IT’S LEGAL… BUT IS IT RIGHT?
Have you heard about the two friends who each had the same lunch of soup, sandwich, beverage and dessert at a popular local restaurant? They planned to split the $35 bill at $17.50 each, but the server said that management had decided that the wealthier of the two should pay $20 and the other $15.
You’re saying this story can’t be true, but something very similar has really been going on with the Dighton-Rehoboth school budget since 2015 − with many more dollars involved.
In the late 1950’s, Dighton and Rehoboth wisely collaborated to build a regional high school, thereby realizing the mutual economic and educational benefits of shared instructional programs, staff and facilities for the students and taxpayers of the two communities. With everything under one roof and almost all operating costs held in common, the 1958 Dighton-Rehoboth Regional Agreement stated that the high school operating costs for each town were to be determined and apportioned based on its ratio of students to the total number of students. Costs and payment of costs were directly tied to student headcount − if you had 40% of the total number of students, you were liable for 40% of the total operating cost. The two towns each paid for what they used to educate their students.
The 1987 amended agreement, which regionalized grades K-8 in addition to the high school, maintained the same student ratio method for apportioning operating costs at the high school, but stated that the share of operating costs for K-8 would be apportioned on the basis of actual budgeted operating costs for each member town. The two towns each continued to pay for what they used to educate their students.
The 1993 Mass. Education Reform Act established goals and standards for the public education system along with a “foundation” level of spending for each school district to meet the goals and standards. To fund the foundation amount, each town is expected to spend a state-determined minimum contribution (based on ability to pay), with the state providing the difference via Chapter 70 aid.
In 2007, the Massachusetts Board of Education (BoE) approved revised regulations governing REGIONAL school district budgets. These new requirements affected how ONLY towns in REGIONAL districts assessed their budgets.
The new 2007 rules now allowed two ways for regional districts to calculate their budget assessments.
One way is called the Statutory Method.
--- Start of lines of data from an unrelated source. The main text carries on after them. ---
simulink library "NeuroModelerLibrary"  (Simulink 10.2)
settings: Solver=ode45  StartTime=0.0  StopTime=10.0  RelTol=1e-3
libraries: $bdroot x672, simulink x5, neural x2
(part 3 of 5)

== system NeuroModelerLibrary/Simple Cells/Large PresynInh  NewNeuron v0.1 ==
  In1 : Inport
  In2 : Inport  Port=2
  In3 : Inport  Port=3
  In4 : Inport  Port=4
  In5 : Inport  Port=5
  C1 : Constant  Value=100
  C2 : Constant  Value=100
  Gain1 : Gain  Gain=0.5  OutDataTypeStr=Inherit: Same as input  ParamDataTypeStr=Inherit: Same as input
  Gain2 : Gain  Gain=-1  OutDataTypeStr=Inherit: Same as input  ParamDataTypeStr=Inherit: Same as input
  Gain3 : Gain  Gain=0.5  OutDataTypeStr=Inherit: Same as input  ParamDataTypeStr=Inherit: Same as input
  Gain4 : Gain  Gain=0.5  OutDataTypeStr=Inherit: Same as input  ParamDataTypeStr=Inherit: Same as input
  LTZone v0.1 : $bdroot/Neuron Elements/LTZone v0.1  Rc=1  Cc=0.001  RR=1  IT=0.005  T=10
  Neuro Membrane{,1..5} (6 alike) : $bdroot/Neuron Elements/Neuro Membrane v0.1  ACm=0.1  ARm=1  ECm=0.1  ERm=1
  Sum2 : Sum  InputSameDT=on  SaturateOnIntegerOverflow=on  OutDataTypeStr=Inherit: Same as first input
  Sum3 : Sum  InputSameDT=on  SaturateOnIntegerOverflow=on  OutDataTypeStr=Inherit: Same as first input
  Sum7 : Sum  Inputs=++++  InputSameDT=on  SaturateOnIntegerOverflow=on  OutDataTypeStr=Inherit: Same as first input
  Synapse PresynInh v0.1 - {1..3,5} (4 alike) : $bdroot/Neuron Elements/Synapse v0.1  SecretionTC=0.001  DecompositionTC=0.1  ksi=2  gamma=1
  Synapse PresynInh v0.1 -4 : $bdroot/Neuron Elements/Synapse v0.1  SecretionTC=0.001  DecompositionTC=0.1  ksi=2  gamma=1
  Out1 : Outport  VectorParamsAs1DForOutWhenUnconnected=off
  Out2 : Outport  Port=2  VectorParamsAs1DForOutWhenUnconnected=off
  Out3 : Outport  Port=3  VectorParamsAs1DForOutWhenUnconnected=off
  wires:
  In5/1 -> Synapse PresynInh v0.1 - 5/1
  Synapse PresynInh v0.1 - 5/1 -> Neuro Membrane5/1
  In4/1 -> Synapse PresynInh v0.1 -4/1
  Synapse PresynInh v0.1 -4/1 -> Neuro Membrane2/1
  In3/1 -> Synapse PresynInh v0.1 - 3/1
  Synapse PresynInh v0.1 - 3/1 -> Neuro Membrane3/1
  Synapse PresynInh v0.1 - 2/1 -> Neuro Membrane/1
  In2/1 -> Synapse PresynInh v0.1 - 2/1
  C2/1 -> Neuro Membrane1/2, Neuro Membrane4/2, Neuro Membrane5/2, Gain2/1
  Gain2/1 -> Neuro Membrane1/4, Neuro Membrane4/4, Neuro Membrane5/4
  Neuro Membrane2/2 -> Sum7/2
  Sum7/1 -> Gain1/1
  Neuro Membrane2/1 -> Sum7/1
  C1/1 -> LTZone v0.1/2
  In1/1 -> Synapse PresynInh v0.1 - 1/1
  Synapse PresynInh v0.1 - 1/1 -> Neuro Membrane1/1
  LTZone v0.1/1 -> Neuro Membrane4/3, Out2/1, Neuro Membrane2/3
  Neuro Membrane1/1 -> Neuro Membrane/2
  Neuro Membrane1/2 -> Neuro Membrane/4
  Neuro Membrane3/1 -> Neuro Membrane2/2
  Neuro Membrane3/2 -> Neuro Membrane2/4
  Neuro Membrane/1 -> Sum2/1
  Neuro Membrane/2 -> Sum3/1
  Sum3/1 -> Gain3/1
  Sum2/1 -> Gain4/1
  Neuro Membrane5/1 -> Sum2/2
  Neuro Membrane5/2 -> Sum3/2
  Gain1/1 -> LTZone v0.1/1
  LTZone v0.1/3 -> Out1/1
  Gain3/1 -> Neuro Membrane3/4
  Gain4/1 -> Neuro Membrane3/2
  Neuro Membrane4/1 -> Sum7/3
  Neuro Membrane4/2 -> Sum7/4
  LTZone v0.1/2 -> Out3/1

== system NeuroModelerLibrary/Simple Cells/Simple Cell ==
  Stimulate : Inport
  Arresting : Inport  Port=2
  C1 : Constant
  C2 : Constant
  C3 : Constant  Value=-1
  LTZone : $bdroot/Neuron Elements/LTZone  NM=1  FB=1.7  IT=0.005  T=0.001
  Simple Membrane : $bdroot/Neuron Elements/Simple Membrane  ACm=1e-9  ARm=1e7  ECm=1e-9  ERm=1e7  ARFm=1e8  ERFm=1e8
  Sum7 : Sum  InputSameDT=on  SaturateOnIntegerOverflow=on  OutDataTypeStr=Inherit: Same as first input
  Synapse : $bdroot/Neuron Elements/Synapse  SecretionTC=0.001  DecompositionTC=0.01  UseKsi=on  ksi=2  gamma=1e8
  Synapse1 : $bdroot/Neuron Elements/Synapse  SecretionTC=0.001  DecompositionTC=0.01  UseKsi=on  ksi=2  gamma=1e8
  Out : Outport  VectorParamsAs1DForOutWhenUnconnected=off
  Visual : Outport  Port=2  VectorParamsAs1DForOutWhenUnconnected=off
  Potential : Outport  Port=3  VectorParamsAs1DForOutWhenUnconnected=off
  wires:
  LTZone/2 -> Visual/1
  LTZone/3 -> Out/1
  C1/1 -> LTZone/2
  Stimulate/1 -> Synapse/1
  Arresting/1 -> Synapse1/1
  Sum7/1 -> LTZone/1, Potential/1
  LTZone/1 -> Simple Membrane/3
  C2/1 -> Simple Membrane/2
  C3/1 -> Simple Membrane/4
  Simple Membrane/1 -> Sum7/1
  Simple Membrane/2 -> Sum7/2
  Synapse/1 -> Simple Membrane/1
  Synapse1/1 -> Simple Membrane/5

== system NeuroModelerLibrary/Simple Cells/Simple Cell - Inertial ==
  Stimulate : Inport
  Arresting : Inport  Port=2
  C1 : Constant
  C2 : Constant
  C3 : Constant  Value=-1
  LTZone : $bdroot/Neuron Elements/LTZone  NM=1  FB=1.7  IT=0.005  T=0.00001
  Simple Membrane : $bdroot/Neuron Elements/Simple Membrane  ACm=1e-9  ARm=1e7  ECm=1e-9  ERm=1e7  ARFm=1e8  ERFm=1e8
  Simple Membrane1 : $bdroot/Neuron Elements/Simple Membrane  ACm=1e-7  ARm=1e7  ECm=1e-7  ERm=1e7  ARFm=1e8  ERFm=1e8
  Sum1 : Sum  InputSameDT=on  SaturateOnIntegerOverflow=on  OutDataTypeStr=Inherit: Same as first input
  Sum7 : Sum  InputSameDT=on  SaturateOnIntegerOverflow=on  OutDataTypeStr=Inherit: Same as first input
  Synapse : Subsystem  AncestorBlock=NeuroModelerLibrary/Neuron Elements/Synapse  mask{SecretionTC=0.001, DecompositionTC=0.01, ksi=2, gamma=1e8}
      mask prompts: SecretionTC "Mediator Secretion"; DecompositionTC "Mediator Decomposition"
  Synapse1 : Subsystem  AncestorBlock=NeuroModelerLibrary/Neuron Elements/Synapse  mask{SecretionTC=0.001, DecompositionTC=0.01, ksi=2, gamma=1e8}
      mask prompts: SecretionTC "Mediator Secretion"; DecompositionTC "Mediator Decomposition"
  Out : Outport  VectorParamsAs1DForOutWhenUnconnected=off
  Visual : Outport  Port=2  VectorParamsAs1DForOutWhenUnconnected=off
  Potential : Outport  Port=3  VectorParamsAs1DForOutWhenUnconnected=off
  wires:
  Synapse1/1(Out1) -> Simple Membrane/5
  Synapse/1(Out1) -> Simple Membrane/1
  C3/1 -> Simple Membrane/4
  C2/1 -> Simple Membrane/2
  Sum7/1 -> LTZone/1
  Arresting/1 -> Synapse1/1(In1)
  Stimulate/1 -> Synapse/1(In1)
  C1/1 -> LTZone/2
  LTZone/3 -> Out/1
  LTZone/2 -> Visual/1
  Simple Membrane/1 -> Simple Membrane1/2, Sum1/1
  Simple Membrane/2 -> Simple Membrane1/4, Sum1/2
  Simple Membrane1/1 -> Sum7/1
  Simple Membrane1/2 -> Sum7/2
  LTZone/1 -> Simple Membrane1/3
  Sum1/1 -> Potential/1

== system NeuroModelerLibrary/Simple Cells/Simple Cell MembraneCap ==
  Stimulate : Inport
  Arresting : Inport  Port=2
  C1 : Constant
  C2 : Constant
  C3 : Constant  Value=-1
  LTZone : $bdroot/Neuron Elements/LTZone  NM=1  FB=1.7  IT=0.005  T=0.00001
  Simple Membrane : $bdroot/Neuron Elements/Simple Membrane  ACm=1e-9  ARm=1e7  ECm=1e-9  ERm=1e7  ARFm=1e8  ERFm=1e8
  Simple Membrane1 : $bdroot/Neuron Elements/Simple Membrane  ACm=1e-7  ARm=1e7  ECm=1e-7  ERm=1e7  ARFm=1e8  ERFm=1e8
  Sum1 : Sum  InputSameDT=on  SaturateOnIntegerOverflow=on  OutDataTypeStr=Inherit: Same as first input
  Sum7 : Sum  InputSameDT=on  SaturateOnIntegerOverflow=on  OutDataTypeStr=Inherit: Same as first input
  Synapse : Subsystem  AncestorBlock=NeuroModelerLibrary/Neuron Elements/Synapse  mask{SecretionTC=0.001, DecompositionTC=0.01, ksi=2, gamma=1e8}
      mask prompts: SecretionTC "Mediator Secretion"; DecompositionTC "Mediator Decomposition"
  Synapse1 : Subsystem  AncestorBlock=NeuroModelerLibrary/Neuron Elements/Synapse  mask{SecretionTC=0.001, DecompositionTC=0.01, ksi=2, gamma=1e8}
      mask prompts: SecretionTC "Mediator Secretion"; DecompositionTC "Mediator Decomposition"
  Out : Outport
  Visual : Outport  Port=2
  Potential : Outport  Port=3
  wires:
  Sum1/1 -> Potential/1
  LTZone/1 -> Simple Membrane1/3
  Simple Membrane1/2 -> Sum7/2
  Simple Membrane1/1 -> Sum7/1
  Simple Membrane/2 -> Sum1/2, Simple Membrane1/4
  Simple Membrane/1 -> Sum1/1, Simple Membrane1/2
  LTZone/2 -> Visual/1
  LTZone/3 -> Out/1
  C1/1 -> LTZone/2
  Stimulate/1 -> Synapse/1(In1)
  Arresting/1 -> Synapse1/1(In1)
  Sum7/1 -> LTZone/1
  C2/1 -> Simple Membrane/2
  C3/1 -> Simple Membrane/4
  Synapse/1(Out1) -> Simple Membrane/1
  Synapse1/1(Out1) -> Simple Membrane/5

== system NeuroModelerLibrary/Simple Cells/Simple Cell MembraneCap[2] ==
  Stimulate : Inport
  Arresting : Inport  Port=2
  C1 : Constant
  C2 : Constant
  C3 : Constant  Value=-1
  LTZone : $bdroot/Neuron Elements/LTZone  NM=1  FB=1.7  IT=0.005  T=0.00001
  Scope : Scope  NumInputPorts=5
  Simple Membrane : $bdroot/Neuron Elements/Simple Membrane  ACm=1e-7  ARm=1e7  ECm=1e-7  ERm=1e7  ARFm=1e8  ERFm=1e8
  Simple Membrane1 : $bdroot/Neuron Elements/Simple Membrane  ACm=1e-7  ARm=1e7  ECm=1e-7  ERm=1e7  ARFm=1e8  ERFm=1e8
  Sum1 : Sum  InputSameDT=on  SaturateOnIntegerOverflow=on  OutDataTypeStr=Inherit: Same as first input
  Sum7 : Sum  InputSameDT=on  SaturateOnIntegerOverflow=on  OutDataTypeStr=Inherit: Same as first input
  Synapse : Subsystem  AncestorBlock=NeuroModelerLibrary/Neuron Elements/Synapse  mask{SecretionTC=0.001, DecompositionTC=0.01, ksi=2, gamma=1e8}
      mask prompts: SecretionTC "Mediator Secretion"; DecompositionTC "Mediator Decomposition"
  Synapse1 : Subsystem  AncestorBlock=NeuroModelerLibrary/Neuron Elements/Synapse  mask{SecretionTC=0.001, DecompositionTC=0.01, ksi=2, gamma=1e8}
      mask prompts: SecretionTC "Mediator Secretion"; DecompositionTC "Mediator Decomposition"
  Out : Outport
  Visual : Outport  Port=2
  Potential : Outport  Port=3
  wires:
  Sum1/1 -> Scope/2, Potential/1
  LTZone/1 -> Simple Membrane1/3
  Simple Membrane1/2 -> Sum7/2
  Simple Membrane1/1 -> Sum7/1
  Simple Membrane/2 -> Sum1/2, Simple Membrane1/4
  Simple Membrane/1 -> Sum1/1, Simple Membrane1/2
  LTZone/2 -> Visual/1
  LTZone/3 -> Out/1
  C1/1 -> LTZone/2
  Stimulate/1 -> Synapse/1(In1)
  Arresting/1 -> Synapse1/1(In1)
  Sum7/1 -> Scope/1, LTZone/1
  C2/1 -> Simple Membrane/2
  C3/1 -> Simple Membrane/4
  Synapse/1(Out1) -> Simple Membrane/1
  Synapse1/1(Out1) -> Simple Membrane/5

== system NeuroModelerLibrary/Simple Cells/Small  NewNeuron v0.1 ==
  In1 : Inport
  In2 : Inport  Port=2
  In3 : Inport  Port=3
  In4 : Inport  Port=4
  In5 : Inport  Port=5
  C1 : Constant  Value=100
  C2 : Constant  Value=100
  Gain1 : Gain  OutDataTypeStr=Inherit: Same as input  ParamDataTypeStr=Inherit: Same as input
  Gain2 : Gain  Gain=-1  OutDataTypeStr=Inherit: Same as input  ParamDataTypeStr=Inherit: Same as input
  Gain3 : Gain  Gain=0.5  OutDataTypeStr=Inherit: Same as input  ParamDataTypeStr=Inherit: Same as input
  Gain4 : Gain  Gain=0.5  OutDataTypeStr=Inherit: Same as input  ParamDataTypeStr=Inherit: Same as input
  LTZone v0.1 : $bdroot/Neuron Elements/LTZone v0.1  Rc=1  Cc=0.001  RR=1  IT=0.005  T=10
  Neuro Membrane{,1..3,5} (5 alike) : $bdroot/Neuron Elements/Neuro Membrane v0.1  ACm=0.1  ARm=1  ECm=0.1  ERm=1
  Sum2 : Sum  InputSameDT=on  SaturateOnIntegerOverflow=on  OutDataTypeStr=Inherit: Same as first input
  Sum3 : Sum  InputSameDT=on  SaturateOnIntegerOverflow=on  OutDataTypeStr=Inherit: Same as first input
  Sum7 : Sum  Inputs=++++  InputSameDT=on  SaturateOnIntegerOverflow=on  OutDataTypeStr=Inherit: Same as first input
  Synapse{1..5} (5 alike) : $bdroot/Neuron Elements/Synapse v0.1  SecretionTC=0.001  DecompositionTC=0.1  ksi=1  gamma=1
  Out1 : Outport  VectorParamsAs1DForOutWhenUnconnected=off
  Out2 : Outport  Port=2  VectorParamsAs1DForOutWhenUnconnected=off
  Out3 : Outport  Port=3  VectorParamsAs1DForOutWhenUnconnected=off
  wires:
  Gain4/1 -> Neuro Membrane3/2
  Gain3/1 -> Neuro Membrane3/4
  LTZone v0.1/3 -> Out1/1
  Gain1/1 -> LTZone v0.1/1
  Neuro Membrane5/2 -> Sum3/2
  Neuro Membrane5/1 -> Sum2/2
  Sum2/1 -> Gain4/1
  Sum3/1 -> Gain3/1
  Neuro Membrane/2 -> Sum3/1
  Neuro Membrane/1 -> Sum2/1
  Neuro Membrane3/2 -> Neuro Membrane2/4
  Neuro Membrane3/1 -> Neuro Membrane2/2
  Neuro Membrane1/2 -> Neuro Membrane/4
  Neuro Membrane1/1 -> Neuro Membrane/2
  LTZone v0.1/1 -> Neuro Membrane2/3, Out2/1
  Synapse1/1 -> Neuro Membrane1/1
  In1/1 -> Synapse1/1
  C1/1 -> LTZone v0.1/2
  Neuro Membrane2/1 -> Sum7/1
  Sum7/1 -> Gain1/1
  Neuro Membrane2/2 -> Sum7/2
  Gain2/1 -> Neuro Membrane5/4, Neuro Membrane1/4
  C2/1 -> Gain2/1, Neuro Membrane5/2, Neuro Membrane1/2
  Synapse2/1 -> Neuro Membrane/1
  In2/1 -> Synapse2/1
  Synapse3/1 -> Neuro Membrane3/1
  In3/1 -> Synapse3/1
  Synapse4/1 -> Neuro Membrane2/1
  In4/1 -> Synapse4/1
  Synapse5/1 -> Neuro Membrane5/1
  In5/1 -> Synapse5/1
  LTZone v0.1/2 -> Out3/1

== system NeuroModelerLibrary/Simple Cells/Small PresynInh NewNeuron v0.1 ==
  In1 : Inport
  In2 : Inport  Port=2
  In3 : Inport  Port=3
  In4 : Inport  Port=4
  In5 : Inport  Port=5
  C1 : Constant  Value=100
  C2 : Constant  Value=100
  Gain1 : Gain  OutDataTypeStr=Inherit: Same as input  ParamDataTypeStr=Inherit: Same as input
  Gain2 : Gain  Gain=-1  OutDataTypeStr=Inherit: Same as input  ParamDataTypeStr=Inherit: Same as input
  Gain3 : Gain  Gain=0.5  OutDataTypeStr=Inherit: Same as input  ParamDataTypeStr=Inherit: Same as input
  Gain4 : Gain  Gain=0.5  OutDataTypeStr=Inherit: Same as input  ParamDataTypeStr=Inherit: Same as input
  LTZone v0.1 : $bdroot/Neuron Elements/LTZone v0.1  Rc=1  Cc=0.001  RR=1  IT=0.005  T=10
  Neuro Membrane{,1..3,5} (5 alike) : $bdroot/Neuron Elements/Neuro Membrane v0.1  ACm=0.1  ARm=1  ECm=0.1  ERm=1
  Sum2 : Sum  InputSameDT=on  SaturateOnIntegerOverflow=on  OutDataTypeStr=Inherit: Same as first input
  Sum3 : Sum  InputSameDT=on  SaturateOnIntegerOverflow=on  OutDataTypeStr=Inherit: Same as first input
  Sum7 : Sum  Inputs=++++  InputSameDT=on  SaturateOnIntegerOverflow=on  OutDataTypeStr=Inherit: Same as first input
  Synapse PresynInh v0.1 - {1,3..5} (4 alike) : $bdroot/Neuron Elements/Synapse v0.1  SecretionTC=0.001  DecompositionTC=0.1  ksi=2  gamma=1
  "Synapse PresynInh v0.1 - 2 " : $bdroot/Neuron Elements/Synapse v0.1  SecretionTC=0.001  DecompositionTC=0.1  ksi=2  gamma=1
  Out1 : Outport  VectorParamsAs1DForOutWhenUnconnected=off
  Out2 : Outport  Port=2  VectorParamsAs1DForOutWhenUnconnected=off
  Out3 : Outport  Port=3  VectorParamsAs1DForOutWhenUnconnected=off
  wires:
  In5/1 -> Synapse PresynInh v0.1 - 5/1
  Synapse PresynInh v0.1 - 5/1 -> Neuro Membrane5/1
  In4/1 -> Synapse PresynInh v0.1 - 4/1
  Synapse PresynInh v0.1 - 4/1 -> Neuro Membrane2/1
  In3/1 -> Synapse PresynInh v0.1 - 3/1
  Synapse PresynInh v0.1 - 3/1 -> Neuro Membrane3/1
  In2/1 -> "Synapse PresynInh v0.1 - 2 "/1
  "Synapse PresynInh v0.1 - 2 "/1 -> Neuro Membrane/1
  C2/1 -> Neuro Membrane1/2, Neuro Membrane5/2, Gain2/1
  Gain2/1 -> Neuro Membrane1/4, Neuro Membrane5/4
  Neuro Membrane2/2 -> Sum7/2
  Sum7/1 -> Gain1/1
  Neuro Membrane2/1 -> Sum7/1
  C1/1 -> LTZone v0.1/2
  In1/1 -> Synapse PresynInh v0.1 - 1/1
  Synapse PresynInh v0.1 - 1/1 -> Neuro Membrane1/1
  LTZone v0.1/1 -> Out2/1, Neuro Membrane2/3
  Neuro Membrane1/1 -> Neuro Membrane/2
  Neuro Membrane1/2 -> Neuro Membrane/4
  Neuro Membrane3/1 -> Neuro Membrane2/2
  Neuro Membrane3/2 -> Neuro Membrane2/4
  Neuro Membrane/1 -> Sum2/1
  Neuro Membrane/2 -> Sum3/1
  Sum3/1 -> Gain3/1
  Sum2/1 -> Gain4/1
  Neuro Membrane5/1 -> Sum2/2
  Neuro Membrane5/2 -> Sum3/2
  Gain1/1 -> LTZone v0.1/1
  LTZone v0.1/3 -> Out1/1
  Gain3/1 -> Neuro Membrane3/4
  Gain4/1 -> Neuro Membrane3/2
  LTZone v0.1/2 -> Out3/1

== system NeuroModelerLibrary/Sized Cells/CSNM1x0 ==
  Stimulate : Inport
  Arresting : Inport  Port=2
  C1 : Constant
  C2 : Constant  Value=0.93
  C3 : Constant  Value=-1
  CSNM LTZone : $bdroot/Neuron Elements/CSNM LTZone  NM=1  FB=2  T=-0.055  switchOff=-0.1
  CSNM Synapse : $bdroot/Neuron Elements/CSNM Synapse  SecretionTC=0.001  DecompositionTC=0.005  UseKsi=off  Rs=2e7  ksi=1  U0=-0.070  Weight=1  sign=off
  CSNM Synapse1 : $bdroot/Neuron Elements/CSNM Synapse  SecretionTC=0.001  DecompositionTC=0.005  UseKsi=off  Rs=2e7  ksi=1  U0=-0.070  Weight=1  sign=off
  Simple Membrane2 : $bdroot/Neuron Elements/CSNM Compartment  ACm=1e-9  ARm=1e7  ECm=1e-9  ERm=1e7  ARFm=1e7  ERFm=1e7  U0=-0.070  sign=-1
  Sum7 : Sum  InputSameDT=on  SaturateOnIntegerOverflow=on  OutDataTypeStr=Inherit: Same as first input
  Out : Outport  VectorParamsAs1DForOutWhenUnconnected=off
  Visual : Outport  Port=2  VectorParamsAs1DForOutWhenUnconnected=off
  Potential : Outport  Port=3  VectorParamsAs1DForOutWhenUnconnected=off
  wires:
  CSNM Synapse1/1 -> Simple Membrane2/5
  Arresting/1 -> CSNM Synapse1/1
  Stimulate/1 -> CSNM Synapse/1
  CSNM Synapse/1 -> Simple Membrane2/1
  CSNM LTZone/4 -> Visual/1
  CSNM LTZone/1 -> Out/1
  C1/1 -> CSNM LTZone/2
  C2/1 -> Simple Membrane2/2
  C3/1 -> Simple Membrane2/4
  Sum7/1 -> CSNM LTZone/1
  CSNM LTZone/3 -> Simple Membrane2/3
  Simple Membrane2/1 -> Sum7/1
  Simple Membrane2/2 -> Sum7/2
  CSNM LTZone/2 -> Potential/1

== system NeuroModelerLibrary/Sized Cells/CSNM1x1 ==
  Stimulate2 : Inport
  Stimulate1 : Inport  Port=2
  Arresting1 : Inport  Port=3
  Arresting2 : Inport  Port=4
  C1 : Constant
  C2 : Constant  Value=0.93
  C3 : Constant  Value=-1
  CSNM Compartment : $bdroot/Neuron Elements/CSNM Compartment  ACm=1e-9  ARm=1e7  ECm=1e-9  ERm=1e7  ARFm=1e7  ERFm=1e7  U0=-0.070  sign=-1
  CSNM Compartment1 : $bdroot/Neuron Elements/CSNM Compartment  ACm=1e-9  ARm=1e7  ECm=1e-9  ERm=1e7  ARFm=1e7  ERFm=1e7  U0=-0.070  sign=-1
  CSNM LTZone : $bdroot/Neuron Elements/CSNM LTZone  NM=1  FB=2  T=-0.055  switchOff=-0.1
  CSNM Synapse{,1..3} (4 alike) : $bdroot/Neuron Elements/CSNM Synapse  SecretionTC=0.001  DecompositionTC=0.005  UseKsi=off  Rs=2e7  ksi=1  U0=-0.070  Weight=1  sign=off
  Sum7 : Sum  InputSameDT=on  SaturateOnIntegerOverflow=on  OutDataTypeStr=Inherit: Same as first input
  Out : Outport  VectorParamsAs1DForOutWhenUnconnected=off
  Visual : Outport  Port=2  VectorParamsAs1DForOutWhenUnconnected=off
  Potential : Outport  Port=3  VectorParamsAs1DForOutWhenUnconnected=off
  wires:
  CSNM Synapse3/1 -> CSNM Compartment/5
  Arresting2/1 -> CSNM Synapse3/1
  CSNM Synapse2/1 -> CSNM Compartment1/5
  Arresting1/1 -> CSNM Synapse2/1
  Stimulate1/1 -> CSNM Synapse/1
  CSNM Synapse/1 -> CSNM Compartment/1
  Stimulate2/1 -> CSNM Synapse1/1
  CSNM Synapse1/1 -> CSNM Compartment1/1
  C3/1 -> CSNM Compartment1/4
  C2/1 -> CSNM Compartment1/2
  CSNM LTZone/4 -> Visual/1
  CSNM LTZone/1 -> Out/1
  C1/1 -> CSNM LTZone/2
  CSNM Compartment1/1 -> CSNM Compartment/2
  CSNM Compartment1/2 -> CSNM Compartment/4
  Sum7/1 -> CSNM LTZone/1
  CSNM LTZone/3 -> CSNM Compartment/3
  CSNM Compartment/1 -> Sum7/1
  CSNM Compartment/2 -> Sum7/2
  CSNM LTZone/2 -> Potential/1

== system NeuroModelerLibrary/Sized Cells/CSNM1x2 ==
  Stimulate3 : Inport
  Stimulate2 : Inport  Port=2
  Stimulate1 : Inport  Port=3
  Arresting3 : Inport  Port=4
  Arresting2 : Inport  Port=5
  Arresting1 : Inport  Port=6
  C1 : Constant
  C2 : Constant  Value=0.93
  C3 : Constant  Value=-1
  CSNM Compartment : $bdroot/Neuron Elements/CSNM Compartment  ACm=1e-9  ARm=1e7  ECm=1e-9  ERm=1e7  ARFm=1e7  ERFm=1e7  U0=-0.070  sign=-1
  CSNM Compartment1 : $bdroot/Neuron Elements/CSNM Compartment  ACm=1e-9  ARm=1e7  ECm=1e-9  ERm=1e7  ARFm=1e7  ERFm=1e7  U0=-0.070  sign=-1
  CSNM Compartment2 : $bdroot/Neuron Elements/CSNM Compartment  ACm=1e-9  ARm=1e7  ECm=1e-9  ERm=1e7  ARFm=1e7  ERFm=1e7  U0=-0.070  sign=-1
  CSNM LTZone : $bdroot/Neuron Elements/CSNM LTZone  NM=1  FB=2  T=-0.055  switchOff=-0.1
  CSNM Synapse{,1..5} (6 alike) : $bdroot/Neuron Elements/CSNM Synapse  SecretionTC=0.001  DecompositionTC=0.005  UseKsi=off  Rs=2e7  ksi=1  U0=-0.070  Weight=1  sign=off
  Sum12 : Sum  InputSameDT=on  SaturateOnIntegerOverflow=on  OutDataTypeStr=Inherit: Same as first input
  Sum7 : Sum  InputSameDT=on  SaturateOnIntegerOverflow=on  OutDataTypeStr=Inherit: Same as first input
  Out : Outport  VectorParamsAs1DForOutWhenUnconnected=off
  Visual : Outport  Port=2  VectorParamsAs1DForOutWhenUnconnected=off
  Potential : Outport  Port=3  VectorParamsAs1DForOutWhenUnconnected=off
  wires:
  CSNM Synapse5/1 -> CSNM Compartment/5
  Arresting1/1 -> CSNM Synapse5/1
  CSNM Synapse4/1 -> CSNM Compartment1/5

The Statutory Method’s formula dictates subtracting the combined total of each town’s specific state-assigned required minimum contribution amount and total district revenues (such as state Chapter 70 and transportation reimbursement, among others) from the total district operating cost. Any remainder is apportioned per the district’s regional agreement.
The Statutory Method thus allows some towns in regional districts to avoid paying for what they use to educate their students, necessarily requiring other towns in the district to pay the difference. This is because the Statutory Method assessment calculation formula requires that each town combine their state-assigned minimum contributions, which can obscure a wealthier town’s inequitable share of the regional district’s required total minimum contribution. Furthermore, the BoE stipulates that any above minimum amount cannot be divided such that a town would lose the “benefit” it receives for being a “less wealthy community.” For Dighton-Rehoboth (which strives for district-wide parity) using the Statutory Method means that, using D-R business office data, for fiscal year 2018 it costs Rehoboth $9,950 to educate each of its students, while Dighton spends $5,798 for each of theirs − a difference of $4,152 PER STUDENT.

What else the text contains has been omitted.